• [REQUIREMENT]:
Each time a line of the listing holds "ContinuousStateAttributes", copy that line.

• [RECORDS SHOWN]:
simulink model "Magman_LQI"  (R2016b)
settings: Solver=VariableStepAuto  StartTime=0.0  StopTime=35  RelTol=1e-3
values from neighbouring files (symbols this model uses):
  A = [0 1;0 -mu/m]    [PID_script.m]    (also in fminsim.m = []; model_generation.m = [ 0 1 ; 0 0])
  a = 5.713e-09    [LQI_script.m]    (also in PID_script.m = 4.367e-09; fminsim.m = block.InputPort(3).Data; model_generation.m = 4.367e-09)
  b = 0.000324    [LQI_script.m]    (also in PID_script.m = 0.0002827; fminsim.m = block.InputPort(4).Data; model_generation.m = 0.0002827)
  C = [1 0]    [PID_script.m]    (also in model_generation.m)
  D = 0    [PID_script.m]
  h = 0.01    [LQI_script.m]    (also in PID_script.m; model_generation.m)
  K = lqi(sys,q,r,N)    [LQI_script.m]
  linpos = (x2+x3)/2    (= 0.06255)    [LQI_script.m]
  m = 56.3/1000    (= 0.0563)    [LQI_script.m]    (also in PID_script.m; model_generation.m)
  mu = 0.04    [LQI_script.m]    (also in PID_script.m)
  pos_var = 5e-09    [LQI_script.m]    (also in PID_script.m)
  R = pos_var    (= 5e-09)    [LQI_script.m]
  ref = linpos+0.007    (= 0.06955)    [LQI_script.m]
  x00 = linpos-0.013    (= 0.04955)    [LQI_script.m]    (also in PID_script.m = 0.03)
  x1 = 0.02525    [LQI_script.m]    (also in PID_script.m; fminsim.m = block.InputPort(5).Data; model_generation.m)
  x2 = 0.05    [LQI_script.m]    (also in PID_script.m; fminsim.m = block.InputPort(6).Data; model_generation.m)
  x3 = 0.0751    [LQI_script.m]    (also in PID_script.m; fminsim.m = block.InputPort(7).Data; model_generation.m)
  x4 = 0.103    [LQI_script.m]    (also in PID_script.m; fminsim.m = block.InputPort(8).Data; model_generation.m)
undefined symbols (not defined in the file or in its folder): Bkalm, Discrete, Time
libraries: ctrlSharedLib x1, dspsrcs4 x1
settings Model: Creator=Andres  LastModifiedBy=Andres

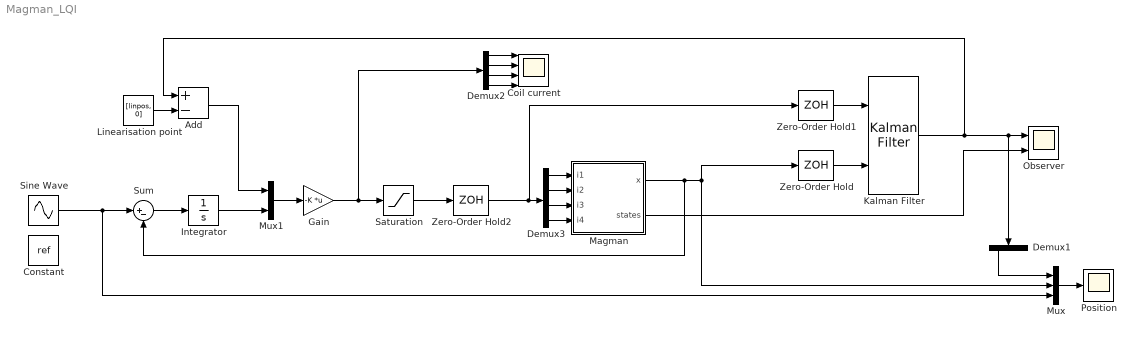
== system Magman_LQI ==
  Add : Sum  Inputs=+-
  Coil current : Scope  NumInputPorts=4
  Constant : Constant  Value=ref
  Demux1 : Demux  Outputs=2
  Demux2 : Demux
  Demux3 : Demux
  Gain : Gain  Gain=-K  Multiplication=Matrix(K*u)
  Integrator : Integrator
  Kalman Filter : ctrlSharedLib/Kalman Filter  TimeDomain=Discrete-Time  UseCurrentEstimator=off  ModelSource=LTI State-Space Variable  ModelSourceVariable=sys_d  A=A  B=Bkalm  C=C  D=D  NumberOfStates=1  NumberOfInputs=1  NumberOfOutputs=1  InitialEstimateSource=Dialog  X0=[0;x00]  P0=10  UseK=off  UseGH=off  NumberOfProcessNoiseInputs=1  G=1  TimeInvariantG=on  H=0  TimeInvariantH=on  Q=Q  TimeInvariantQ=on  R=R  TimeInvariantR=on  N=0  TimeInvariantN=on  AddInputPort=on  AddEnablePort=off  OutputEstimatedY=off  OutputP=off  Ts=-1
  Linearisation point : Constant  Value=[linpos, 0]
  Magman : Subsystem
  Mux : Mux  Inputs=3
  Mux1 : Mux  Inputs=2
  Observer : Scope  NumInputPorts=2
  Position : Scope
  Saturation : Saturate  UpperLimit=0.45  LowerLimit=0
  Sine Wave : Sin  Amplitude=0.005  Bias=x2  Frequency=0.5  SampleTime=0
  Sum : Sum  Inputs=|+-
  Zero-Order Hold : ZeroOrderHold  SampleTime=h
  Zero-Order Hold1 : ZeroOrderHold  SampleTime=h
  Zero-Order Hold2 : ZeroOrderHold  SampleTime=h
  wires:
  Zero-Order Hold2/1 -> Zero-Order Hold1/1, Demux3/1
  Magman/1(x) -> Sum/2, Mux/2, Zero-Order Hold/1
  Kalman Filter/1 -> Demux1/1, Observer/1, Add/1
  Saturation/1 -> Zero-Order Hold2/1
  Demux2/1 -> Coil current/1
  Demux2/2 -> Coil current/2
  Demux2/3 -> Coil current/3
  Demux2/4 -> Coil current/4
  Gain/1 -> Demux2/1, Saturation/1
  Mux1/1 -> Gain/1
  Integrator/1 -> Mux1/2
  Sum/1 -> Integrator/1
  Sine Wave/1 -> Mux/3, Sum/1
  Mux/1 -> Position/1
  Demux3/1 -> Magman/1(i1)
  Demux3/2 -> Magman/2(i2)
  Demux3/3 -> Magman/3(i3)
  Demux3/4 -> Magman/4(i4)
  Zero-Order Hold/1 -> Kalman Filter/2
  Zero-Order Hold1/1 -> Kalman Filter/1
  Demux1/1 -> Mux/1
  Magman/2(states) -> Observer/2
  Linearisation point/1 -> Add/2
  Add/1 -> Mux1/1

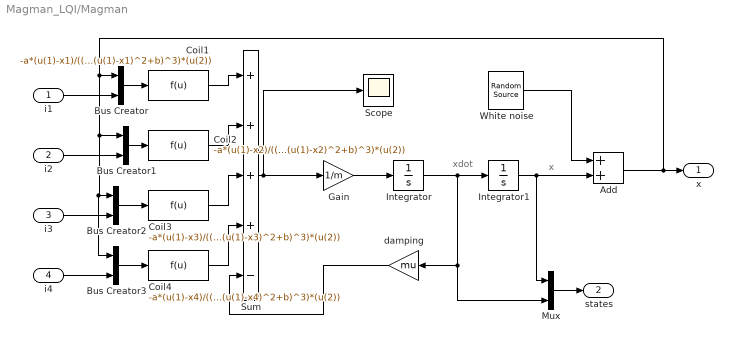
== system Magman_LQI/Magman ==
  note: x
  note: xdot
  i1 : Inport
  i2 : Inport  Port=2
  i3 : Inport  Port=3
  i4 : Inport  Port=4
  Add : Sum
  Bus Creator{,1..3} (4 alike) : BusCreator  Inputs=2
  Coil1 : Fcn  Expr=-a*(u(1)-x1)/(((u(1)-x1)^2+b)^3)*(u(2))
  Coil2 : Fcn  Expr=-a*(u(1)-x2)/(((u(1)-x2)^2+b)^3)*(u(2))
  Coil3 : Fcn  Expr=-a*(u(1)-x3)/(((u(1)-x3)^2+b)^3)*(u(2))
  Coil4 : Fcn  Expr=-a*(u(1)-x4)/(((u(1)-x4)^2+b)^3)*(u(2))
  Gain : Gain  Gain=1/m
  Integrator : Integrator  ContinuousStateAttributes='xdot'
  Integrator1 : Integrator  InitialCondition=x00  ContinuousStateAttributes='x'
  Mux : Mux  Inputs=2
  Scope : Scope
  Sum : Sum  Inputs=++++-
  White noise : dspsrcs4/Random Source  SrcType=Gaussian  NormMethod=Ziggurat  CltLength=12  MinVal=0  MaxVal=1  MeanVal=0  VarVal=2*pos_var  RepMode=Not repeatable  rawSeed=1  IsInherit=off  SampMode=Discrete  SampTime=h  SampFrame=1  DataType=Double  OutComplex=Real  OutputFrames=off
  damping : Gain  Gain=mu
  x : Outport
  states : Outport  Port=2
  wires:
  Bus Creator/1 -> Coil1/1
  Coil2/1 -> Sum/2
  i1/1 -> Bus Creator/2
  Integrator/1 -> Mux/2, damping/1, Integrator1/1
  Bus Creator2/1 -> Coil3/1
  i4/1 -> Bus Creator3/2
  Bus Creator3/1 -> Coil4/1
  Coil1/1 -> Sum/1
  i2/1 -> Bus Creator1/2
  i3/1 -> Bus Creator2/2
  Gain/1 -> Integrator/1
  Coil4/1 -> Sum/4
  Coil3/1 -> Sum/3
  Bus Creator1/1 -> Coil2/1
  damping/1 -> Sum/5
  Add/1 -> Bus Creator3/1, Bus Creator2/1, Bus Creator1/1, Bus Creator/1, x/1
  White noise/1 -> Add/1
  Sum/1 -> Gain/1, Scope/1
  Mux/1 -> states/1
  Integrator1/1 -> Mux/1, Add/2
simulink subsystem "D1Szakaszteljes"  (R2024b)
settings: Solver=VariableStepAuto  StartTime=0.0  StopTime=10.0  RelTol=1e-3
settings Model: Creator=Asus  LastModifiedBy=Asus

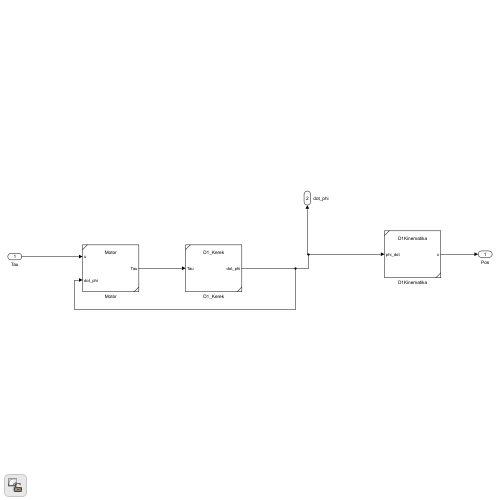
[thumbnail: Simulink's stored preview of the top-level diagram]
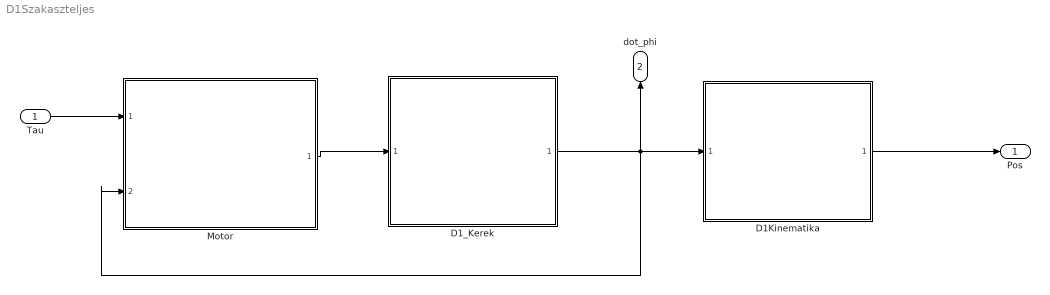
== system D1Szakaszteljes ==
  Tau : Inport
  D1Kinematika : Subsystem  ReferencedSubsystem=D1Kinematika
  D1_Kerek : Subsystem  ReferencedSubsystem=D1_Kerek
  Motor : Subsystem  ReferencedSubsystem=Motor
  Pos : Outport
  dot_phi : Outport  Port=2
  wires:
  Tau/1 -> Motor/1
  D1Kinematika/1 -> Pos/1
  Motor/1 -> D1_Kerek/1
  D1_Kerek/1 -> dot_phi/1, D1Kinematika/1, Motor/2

• [RESPONSE AREA]:
  Integrator : Integrator  ContinuousStateAttributes='xdot'
  Integrator1 : Integrator  InitialCondition=x00  ContinuousStateAttributes='x'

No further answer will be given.